What’s the secret sauce that makes ClickHouse so fast? According to the “distinctive features” section of the ClickHouse website, the database’s avoidance in storing extra values and storing data as primary keys, as a “true” column-oriented database does, as key aspects of its advantage. (It’s also refreshing to see the comapny admit the disadvantages of its approach, including no full-fledged transactions and no support for updates, save for some batch update and delete functions for complying with GDPR.)
According to Milovidov, there isn’t one single thing. “…[T]here is no single ‘silver bullet,’” he writes. “The main advantage is attention to details of the most extreme production workloads.”
Soon after implementing ClickHouse at Yandex.Metrica, it was adopted by much of Yandex, which is the largest Internet company in Europe with more than 14,000 employees. At that point, Milovidov says he knew the software needed to be more widely adopted.
“Maybe ClickHouse is too good to run only inside Yandex?” he wrote in the blog. “Doing open source is hard, but it is a big win. While it takes a tremendous effort and responsibility to maintain a popular open-source product, for us, the benefits outweigh all the costs.”
In 2016, Yandex released ClickHouse as an open source offering using Apache License 2.0. That led to exponential growth and adoption by thousands of companies around the world, including Uber, Comcast, eBay, and Cisco, according to Yandex.
Some of the customer adoption stories are compelling. For example, Uber adopted ClickHouse as its core logging platform for handling millions of logs per second from thousands of services, representing several petabytes of data in service. According to its February 2021 writeup, Clickhouse delivered a 10x performance boost over its ELK (Elastic, Logstash, Kibana) implementation.

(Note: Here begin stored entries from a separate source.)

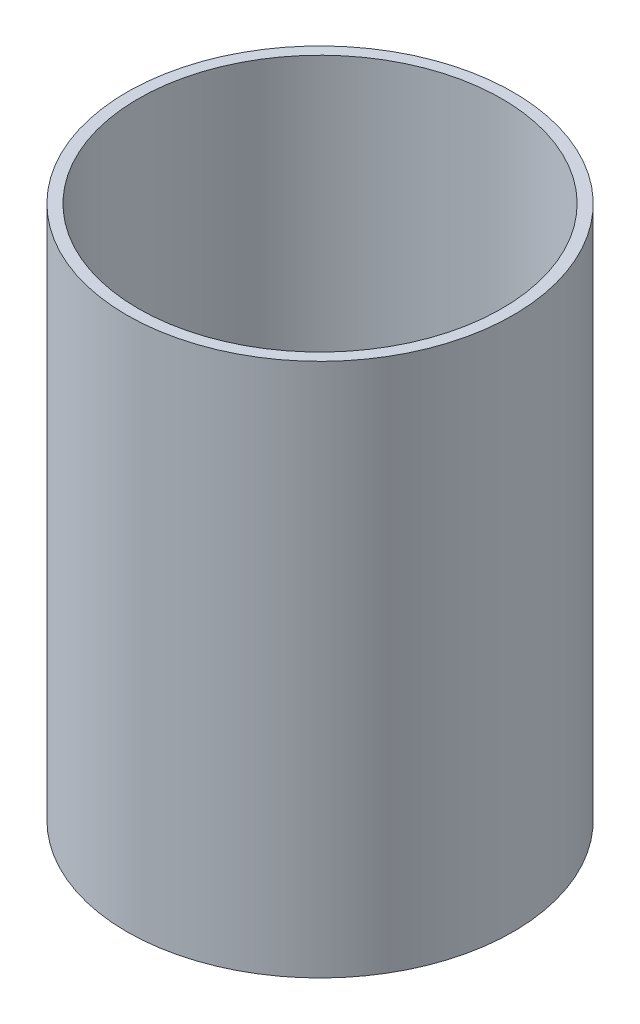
from build123d import *

# Parameters (mm, degrees)
SKETCH2_R           = 107.95
SKETCH2_R_2         = 101.6
BOSS_EXTRUDE1_DEPTH = 298.45


with BuildPart() as part:
    # Sketch2 → Boss-Extrude1 (new body)
    with BuildSketch(Plane(origin=(0, 0, 0), x_dir=(1, 0, 0), z_dir=(0, 1, 0))):
        with Locations(Location((0, 0, 0), (0, 0, 270))):
            Circle(SKETCH2_R)
        with Locations(Location((0, 0, 0), (0, 0, 270))):
            Circle(SKETCH2_R_2, mode=Mode.SUBTRACT)
    extrude(amount=BOSS_EXTRUDE1_DEPTH)


solid = part.part
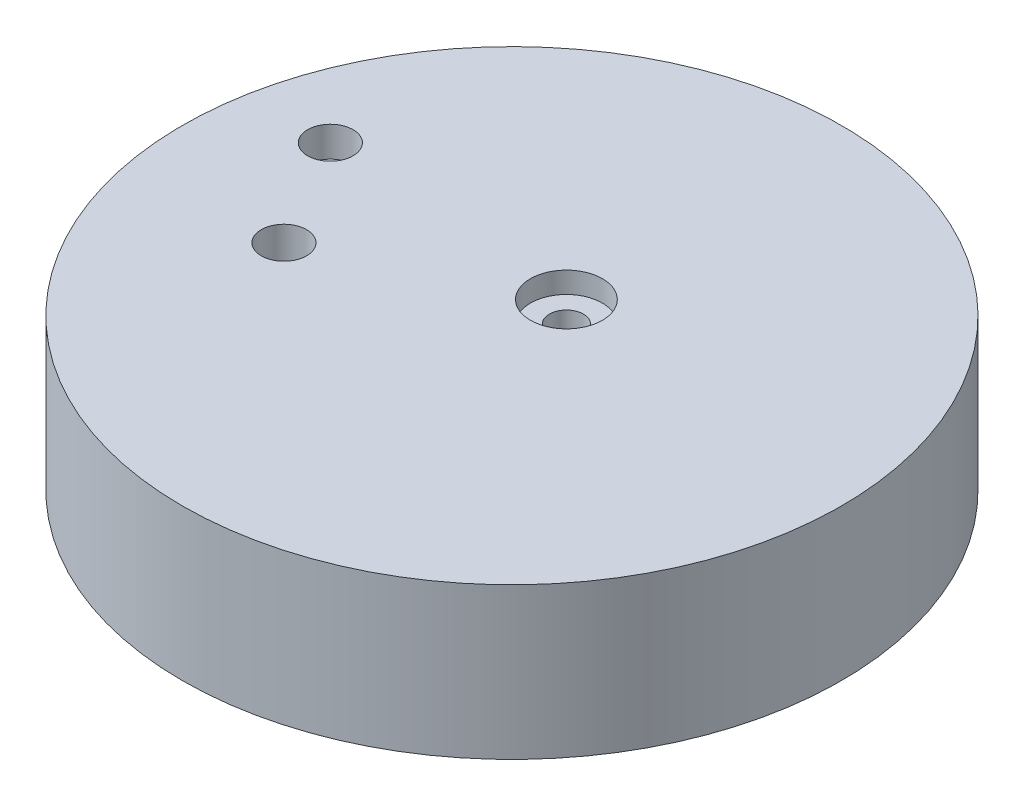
from build123d import *

# Parameters (mm, degrees)
SKETCH11_R                                           = 65.354799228
BOSS_EXTRUDE3_DEPTH                                  = 30
CBORE_FOR_1_4_BINDING_HEAD_MACHINE_SCREW_D           = 6.7564
CBORE_FOR_1_4_BINDING_HEAD_MACHINE_SCREW_CBORE_D     = 14.2875
CBORE_FOR_1_4_BINDING_HEAD_MACHINE_SCREW_CBORE_DEPTH = 4.191
M10X1_0_TAPPED_HOLE1_D                               = 9
M10X1_0_TAPPED_HOLE1_DEPTH                           = 6
M10X1_0_TAPPED_HOLE1_TIP                             = 2.703872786
M10X1_0_TAPPED_HOLE2_D                               = 9
M10X1_0_TAPPED_HOLE2_DEPTH                           = 23
M10X1_0_TAPPED_HOLE2_TIP                             = 2.703872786


with BuildPart() as part:
    # Sketch11 → Boss-Extrude3 (new body)
    with BuildSketch(Plane(origin=(0, 0, 0), x_dir=(1, 0, 0), z_dir=(0, 1, 0))):
        with Locations(Location((0, 0, 0), (0, 0, 270))):
            Circle(SKETCH11_R)
    extrude(amount=BOSS_EXTRUDE3_DEPTH)

    # CBORE for 1_4 Binding Head Machine Screw (through all)
    with Locations(Plane(origin=(2.617527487, 30, -8.185133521), x_dir=(0, 0, 1), z_dir=(0, 1, 0))):
        with Locations((0, 0)):
            CounterBoreHole(CBORE_FOR_1_4_BINDING_HEAD_MACHINE_SCREW_D / 2, CBORE_FOR_1_4_BINDING_HEAD_MACHINE_SCREW_CBORE_D / 2, CBORE_FOR_1_4_BINDING_HEAD_MACHINE_SCREW_CBORE_DEPTH)

    # M10x1.0 Tapped Hole1
    with Locations(Plane(origin=(0, 30, 0), x_dir=(1, 0, 0), z_dir=(0, 1, 0))):
        with Locations((-47.706428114, 11.697689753)):
            Hole(M10X1_0_TAPPED_HOLE1_D / 2, depth=M10X1_0_TAPPED_HOLE1_DEPTH)
            with Locations((0, 0, -(M10X1_0_TAPPED_HOLE1_DEPTH + M10X1_0_TAPPED_HOLE1_TIP / 2))):  # 118° drill point
                Cone(0, M10X1_0_TAPPED_HOLE1_D / 2, M10X1_0_TAPPED_HOLE1_TIP, mode=Mode.SUBTRACT)

    # M10x1.0 Tapped Hole2
    with Locations(Plane(origin=(0, 30, 0), x_dir=(1, 0, 0), z_dir=(0, 1, 0))):
        with Locations((-35.140034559, -10.077320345)):
            Hole(M10X1_0_TAPPED_HOLE2_D / 2, depth=M10X1_0_TAPPED_HOLE2_DEPTH)
            with Locations((0, 0, -(M10X1_0_TAPPED_HOLE2_DEPTH + M10X1_0_TAPPED_HOLE2_TIP / 2))):  # 118° drill point
                Cone(0, M10X1_0_TAPPED_HOLE2_D / 2, M10X1_0_TAPPED_HOLE2_TIP, mode=Mode.SUBTRACT)


solid = part.part

Spotify, meanwhile, used ClickHouse to power its A/B testing regimen in its Google Cloud-based log management system, which replaced 2,500-node Hadoop cluster. The company needed to be able to run hundreds of queries per second, representing hundreds of billions of rows per day. In choosing ClickHouse over BigQuery, it cited the simplicity of architecture, a comprehensive set of built-in functions and aggregations, and Superset integration, among other reasons.
Deutsche Bank adopted ClickHouse as the basis for its data warehouse, which served a variety of use cases, including regulatory compliance, risk, trades, and know-your-customer initiatives. According to this presentation, the bank had tried multiple other databases including KDB+, Vertica, Hive, and Spark. Today it has settled on a combination of Spark, Alpakka, Kafka, Tableau, RShiny and Clickhouse to power its queries.
“The diversity of ways companies are deploying ClickHouse is incredibly compelling and speaks volumes to the strength of the technology,” says ClickHouse co-founder and president of product and engineering Yury Izrailevsky, who left his job as vice president of engineering at Google and will lead product development at ClickHouse. “Forming ClickHouse Inc. will allow us to focus on making the product even more powerful, especially when deployed in cloud environments.”
Milovidov and Izrailevsky are joined by Silicon Valley veteran Aaron Katz, who is the CEO and a co-founder of the New York City company. Mike Volpi, Partner at Index Ventures, which co-led the round along with Benchmark, sees something in ClickHouse that reminds him of other high-flying technology firms.
“We’ve been early believers and investors in data infrastructure at Index, and have been fortunate to work with leaders like Elastic, Confluent, and Datadog since their early days,” Volpi says. “It is clear that ClickHouse has a similar exciting trajectory, given its impressive adoption and community buzz.”